The UK Financial Conduct Authority (FCA) today unveiled plans for a new Consumer Duty in order to see a higher level of consumer protection in retail financial markets.
The regulator is aware of a range of good practice by firms in retail sectors with firms innovating to meet the needs of consumers. However, it also sees that firms are not consistently and sufficiently prioritising good consumer outcomes. This causes consumer harm and erodes consumer trust.
In the FCA 2020 Financial Lives survey, only 10% of consumers ‘strongly agreed’ that they had confidence in the UK financial services industry, with a further 32% ‘slightly agreeing’. Only 35% of respondents agreed that firms are honest and transparent in their dealings with them.
The Consumer Duty will explicitly set a higher standard of care across all retail markets, informed by the FCA’s work on behavioural biases and vulnerability. It will also extend rules focused on product governance and fair value, which already exist in certain sectors, across all sectors.

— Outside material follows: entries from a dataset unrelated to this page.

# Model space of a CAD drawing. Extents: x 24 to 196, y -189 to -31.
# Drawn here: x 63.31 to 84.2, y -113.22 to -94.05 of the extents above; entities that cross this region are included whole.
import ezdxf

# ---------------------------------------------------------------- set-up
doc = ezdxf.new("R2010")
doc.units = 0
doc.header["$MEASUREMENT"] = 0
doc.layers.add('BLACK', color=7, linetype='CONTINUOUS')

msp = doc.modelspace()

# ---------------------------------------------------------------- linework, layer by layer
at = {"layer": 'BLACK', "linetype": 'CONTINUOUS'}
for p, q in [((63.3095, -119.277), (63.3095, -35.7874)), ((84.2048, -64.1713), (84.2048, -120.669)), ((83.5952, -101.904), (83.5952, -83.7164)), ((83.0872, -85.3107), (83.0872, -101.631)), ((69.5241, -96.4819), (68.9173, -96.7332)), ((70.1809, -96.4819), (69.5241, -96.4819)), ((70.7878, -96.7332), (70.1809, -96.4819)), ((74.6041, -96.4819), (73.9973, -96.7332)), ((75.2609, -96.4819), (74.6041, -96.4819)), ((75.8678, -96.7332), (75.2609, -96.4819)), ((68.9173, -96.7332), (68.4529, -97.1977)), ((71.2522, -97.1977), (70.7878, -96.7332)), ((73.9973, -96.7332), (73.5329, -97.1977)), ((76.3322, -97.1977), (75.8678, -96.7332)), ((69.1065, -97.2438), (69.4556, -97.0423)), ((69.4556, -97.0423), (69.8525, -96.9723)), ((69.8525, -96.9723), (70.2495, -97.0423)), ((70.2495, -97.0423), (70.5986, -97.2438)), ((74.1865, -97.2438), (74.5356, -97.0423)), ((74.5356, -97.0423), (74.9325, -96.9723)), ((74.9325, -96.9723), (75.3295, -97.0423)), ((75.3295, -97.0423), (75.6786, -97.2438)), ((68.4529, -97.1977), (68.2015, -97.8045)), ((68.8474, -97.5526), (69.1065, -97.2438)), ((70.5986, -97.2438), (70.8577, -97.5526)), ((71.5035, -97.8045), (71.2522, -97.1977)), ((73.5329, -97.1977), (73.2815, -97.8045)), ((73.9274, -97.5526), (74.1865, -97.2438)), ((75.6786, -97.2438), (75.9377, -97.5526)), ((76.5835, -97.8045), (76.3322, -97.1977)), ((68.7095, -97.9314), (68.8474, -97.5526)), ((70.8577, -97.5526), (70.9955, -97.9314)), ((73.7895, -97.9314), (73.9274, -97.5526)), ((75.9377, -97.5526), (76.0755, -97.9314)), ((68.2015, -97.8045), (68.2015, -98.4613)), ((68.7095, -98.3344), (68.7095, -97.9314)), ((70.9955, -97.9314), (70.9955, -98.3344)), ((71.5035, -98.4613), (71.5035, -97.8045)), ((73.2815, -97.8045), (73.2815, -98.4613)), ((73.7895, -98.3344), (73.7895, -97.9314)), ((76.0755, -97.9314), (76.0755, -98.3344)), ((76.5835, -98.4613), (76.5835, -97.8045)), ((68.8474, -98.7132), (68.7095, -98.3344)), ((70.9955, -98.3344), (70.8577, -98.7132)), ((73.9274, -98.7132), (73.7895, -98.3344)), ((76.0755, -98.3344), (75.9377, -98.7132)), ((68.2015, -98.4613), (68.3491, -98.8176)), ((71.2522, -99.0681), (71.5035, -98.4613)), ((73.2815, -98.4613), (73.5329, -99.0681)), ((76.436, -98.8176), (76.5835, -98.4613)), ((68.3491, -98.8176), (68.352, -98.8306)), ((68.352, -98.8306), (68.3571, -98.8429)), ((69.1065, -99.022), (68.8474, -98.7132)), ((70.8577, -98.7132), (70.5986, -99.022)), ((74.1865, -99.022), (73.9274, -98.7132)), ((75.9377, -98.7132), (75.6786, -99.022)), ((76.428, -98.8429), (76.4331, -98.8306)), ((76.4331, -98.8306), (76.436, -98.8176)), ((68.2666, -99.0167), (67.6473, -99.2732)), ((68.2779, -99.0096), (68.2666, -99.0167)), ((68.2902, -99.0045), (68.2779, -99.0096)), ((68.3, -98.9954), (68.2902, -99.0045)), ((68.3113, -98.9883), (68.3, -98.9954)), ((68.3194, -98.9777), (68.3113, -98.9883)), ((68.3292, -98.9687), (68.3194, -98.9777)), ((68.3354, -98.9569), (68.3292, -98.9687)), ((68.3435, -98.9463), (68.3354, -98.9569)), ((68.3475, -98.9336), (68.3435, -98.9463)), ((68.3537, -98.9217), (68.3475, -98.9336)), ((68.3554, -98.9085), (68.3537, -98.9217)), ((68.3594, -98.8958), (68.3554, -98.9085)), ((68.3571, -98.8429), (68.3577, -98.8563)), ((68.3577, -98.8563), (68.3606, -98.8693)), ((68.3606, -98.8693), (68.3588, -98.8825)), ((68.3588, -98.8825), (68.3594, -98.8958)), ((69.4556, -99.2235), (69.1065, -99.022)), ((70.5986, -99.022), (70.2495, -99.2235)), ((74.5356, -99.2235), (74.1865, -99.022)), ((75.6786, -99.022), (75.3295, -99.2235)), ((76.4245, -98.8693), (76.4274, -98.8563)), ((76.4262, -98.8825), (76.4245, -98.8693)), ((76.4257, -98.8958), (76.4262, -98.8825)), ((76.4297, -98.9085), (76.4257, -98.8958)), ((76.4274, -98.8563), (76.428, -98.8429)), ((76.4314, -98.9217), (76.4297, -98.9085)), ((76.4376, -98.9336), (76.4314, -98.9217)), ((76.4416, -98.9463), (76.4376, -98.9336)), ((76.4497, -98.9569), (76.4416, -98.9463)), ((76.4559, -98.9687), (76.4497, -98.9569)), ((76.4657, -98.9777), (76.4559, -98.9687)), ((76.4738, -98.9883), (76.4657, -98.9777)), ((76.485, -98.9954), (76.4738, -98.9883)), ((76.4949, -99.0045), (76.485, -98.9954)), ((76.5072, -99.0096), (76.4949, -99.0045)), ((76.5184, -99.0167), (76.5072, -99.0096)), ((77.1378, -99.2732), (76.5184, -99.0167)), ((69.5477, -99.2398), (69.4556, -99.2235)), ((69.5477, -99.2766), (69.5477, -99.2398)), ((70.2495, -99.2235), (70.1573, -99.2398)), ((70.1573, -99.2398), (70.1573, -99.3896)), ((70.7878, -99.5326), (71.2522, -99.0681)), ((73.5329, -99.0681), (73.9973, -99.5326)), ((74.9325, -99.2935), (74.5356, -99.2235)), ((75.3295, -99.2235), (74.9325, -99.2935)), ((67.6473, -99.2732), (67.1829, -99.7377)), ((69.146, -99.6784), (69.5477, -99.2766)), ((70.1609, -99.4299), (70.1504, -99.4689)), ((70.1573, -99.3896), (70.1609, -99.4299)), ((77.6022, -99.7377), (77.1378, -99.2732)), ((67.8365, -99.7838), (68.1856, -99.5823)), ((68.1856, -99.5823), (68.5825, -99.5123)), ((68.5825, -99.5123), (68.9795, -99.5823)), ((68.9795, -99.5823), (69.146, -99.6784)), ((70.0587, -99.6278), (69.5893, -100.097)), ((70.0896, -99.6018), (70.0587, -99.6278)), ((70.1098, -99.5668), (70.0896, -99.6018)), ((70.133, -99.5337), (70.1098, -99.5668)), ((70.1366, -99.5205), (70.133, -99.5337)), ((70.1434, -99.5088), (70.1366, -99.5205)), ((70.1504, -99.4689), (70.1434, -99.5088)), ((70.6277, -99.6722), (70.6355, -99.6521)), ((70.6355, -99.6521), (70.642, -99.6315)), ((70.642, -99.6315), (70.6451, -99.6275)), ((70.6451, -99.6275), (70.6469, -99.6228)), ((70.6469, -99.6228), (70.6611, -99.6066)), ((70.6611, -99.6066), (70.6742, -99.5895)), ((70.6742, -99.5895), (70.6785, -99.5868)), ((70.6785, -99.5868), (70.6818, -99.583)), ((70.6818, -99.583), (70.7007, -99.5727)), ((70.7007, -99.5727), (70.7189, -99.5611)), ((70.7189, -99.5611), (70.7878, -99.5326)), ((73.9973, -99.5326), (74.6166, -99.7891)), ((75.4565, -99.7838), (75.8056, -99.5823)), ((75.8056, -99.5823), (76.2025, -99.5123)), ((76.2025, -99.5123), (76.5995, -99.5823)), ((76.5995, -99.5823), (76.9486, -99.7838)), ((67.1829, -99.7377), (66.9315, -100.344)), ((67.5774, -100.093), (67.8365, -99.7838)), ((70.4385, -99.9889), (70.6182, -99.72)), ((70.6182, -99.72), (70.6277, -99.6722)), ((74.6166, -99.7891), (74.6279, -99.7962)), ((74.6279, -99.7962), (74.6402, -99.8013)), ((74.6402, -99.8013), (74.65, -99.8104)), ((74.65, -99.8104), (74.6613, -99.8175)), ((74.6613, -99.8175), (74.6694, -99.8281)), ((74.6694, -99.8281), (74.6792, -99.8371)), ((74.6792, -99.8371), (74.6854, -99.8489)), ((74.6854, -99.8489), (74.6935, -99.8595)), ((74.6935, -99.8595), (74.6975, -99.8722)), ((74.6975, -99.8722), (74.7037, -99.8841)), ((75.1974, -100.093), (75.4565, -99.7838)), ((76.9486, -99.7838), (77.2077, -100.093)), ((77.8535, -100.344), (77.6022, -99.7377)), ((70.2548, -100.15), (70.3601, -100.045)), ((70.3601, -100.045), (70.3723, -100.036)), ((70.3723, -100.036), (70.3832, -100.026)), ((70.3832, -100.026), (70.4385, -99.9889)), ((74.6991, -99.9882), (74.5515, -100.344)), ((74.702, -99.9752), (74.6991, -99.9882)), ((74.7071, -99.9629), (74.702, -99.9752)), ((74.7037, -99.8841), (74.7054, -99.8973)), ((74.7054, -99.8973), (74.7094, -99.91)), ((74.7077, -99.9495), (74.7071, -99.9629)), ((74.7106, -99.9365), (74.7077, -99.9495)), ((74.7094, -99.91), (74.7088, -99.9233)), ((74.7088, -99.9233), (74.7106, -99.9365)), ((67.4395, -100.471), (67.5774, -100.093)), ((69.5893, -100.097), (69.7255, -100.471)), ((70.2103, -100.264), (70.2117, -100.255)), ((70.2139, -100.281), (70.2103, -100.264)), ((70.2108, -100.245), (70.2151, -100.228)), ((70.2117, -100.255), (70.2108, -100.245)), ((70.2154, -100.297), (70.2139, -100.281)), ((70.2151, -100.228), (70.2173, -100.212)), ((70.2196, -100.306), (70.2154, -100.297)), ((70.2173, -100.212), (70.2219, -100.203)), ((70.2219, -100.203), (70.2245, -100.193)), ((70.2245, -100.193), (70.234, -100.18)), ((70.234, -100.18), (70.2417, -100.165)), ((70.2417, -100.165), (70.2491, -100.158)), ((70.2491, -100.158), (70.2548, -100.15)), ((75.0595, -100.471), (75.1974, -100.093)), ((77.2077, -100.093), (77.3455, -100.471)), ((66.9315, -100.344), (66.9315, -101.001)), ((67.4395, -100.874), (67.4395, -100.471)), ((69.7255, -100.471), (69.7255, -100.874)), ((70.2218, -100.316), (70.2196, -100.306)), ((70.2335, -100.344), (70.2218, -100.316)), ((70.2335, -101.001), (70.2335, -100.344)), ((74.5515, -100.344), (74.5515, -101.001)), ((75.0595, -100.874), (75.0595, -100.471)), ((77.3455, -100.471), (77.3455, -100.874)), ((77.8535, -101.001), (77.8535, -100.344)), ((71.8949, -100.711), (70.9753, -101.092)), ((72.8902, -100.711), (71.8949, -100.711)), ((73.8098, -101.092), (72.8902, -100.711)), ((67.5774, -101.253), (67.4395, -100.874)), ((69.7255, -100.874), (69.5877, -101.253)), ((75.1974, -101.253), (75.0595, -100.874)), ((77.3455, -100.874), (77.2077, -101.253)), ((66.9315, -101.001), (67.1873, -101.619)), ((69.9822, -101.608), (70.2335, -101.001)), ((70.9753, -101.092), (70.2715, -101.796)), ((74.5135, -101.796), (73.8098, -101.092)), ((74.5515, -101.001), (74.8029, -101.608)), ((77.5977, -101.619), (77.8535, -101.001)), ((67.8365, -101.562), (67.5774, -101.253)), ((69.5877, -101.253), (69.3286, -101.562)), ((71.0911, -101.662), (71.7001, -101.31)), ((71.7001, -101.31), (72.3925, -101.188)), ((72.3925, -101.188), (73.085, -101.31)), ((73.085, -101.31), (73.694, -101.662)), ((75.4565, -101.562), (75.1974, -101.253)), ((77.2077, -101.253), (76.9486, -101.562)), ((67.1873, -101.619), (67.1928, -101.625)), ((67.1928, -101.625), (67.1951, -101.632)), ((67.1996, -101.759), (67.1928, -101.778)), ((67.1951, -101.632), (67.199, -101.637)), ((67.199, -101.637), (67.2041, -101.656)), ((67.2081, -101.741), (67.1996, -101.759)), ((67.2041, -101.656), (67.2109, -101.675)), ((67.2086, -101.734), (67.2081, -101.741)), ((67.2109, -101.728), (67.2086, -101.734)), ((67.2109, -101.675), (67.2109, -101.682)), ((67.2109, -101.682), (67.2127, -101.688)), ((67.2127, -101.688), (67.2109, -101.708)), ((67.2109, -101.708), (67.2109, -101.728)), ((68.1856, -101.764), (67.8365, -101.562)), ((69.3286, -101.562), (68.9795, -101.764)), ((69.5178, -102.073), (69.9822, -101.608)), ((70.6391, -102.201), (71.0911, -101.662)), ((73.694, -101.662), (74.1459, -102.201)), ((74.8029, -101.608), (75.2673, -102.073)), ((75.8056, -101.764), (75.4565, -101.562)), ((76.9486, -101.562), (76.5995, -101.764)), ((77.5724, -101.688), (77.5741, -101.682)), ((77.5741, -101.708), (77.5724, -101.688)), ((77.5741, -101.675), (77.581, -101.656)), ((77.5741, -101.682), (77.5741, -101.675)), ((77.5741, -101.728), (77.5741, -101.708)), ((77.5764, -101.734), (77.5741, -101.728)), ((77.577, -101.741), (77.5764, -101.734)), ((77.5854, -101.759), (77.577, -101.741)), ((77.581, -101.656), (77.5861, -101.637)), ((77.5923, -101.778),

Further, the new duty will focus on matters of market practice (eg sludge practice) that interfere in consumer decision making and, by doing so, cause harm.
The Consumer Duty aims to ensure firms consider the needs of their customers – including those with characteristics of vulnerability – and how they behave, at every stage of the product or service lifecycle.
It will require all firms to focus on good customer outcomes and whether those outcomes are met.
Under the Consumer Duty, firms will be required to sell products and services that meet the needs of customers and which are fair value.
In addition, the Consumer Duty draws on the FCA’s fair value framework and applies those fair values rules that already exist in certain sectors to other sectors. It aims to tackle factors that can result in unfair or poor value, such as unsuitable features that can lead to foreseeable harm or frustrate the customer’s use of the product, or poor communications and consumer support.
The FCA accepts comments on its Consultation Paper by 15 February 2022.